→ TASK TO CARRY OUT
When you reach the line with "Rectangle(F3_W, F3_H)" in the listing below, transcribe it and each line after it up to and including the line with "Line((-23.622, 24.761857734), (14.5931466414, 70.3048960355))", exactly and with nothing else.

→ DATA FOR THE TASK
====================

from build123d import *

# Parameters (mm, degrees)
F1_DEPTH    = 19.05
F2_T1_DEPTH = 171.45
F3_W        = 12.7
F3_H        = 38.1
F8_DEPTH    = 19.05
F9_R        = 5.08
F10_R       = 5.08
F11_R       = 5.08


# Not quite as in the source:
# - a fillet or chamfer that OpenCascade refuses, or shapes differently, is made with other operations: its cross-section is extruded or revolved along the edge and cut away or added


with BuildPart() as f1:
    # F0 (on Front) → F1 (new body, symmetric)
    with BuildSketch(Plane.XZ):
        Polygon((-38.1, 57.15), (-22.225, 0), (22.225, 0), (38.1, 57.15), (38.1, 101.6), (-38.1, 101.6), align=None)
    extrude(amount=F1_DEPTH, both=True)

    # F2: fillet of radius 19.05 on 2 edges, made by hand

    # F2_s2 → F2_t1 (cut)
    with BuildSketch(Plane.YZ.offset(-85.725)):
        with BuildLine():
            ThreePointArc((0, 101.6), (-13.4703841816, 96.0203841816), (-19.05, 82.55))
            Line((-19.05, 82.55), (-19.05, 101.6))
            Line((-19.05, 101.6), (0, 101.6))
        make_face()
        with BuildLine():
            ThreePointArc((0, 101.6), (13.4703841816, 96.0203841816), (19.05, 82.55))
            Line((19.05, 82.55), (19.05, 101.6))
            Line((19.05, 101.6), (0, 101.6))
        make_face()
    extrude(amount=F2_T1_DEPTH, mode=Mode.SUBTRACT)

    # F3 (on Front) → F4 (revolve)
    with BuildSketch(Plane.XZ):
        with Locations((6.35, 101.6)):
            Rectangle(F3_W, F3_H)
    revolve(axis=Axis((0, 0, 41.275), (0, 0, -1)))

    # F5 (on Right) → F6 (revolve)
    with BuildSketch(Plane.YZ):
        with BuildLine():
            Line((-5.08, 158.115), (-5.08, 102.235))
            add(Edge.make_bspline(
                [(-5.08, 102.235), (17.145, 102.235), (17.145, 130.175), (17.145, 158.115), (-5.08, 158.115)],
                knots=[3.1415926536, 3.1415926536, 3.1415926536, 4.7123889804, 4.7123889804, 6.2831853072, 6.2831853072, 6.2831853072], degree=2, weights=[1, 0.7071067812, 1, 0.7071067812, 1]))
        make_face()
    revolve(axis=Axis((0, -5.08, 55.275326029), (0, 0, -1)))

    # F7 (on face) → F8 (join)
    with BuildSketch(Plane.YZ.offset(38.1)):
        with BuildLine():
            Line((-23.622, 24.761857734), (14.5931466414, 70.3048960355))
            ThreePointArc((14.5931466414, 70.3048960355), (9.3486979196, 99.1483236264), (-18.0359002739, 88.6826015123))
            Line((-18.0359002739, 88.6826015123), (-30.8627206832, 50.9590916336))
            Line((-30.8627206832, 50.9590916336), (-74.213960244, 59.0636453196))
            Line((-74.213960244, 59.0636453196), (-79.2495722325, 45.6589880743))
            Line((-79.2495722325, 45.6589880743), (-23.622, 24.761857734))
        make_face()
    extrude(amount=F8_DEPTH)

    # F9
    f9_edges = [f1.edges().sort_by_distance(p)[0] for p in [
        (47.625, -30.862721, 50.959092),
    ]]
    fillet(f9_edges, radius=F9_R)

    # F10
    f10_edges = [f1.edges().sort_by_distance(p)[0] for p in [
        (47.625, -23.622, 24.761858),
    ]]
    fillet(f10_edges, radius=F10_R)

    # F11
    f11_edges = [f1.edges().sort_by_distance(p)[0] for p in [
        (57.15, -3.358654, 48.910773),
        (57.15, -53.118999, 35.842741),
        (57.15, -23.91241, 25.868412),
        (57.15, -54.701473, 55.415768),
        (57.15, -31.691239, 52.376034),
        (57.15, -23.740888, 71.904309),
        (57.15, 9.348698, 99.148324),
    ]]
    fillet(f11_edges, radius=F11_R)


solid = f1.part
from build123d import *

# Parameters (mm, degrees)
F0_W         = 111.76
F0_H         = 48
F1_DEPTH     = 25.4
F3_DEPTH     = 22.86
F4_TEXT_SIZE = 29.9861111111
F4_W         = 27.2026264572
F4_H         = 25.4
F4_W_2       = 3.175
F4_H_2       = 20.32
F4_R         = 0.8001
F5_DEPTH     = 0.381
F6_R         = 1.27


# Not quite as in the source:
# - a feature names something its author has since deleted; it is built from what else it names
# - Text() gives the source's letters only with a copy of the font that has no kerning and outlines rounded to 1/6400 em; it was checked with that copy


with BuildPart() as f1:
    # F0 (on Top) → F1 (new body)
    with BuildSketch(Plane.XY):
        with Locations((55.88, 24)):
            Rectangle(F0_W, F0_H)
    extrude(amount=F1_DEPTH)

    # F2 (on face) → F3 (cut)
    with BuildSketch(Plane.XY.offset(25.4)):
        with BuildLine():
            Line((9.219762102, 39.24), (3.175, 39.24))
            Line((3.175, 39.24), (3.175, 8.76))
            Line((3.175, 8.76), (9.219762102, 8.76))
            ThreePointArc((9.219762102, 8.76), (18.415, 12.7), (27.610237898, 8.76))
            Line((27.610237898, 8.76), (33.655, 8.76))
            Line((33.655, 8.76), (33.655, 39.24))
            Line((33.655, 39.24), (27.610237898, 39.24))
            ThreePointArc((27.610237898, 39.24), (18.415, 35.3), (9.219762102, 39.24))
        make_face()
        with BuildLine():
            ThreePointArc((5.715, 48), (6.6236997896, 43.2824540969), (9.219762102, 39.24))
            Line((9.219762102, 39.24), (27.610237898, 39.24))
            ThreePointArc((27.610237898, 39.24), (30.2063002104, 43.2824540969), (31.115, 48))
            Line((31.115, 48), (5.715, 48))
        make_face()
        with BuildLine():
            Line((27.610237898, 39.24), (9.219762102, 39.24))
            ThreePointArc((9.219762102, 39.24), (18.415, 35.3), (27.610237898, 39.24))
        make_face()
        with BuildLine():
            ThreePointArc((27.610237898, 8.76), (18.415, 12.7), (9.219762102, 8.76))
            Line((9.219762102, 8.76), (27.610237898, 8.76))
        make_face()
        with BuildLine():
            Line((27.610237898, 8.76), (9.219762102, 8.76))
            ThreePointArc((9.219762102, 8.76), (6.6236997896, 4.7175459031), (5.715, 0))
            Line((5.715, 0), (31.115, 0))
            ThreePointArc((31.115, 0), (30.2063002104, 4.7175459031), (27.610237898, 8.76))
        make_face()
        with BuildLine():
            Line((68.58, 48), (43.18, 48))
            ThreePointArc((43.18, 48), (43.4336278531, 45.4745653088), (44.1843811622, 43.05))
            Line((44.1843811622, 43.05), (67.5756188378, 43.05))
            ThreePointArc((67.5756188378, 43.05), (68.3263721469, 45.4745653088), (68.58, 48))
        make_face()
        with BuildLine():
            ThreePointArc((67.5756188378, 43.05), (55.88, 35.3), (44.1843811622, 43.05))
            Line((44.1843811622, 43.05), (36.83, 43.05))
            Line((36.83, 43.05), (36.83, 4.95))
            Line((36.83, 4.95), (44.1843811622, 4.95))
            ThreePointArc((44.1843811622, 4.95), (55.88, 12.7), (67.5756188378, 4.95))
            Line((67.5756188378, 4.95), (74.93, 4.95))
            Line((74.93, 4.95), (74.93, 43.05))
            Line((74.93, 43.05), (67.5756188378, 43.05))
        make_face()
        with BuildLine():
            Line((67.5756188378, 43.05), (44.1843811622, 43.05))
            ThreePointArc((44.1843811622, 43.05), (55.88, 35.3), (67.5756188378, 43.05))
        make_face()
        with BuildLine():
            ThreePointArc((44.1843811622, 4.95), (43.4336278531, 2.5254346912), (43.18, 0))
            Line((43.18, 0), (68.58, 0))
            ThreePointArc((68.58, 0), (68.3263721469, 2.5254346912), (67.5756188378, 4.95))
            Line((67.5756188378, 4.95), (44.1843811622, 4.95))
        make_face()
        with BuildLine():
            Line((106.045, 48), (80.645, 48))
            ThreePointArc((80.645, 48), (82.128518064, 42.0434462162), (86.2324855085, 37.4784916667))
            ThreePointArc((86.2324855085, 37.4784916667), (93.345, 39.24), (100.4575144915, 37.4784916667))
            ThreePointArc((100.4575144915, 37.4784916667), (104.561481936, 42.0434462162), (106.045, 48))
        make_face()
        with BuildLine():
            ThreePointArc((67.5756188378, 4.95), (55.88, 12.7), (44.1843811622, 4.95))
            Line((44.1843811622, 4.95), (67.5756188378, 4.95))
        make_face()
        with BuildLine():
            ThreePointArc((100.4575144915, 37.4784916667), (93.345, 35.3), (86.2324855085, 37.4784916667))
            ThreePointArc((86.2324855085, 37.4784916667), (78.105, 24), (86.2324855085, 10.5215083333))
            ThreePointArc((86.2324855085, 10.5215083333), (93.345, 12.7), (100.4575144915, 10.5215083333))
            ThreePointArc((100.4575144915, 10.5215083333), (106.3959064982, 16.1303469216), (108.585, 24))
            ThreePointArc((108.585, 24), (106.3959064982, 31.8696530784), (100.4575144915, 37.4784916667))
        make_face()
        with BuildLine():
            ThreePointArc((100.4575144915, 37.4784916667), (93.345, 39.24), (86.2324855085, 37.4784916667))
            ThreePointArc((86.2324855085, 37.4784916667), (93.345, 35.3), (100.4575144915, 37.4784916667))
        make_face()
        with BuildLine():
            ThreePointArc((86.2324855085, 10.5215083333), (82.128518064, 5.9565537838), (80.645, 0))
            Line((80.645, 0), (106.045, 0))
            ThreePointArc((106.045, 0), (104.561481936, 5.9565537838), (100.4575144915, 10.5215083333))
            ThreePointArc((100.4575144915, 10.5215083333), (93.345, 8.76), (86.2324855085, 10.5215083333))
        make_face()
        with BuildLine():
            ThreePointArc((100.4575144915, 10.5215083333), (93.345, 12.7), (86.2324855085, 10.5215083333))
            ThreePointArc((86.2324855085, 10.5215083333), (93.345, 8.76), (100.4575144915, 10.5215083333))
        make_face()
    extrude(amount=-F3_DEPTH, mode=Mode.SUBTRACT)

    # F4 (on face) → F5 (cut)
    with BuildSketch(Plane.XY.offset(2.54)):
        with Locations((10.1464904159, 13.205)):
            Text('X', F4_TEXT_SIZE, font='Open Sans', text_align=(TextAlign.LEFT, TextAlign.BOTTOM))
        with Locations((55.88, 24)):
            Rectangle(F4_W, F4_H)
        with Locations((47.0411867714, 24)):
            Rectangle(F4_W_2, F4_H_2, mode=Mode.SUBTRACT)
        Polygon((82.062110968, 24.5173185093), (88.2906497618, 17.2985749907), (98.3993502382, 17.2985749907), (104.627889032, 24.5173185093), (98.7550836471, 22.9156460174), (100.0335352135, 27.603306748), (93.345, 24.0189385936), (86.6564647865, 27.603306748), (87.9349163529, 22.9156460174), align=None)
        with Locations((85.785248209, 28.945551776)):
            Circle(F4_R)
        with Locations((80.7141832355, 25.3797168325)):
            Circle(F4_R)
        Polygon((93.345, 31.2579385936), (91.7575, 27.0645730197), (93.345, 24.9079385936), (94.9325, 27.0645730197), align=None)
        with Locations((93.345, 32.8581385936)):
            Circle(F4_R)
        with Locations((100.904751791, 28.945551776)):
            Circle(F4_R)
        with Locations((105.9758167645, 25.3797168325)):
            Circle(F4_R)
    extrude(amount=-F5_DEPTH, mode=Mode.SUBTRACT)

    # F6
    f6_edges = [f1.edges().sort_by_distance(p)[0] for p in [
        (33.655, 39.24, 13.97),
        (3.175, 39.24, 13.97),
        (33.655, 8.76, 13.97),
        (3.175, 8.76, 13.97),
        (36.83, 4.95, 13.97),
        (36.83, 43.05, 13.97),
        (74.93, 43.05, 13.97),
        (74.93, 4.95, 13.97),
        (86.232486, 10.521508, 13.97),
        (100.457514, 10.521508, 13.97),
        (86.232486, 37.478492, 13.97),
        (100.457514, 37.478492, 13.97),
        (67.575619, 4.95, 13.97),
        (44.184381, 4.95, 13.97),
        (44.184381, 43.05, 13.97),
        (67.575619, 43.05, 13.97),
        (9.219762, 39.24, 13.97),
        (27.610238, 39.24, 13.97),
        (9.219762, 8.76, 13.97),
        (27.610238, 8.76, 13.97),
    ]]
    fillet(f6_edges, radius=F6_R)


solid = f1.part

====================

→ RESULT
            Rectangle(F3_W, F3_H)
    revolve(axis=Axis((0, 0, 41.275), (0, 0, -1)))

    # F5 (on Right) → F6 (revolve)
    with BuildSketch(Plane.YZ):
        with BuildLine():
            Line((-5.08, 158.115), (-5.08, 102.235))
            add(Edge.make_bspline(
                [(-5.08, 102.235), (17.145, 102.235), (17.145, 130.175), (17.145, 158.115), (-5.08, 158.115)],
                knots=[3.1415926536, 3.1415926536, 3.1415926536, 4.7123889804, 4.7123889804, 6.2831853072, 6.2831853072, 6.2831853072], degree=2, weights=[1, 0.7071067812, 1, 0.7071067812, 1]))
        make_face()
    revolve(axis=Axis((0, -5.08, 55.275326029), (0, 0, -1)))

    # F7 (on face) → F8 (join)
    with BuildSketch(Plane.YZ.offset(38.1)):
        with BuildLine():
            Line((-23.622, 24.761857734), (14.5931466414, 70.3048960355))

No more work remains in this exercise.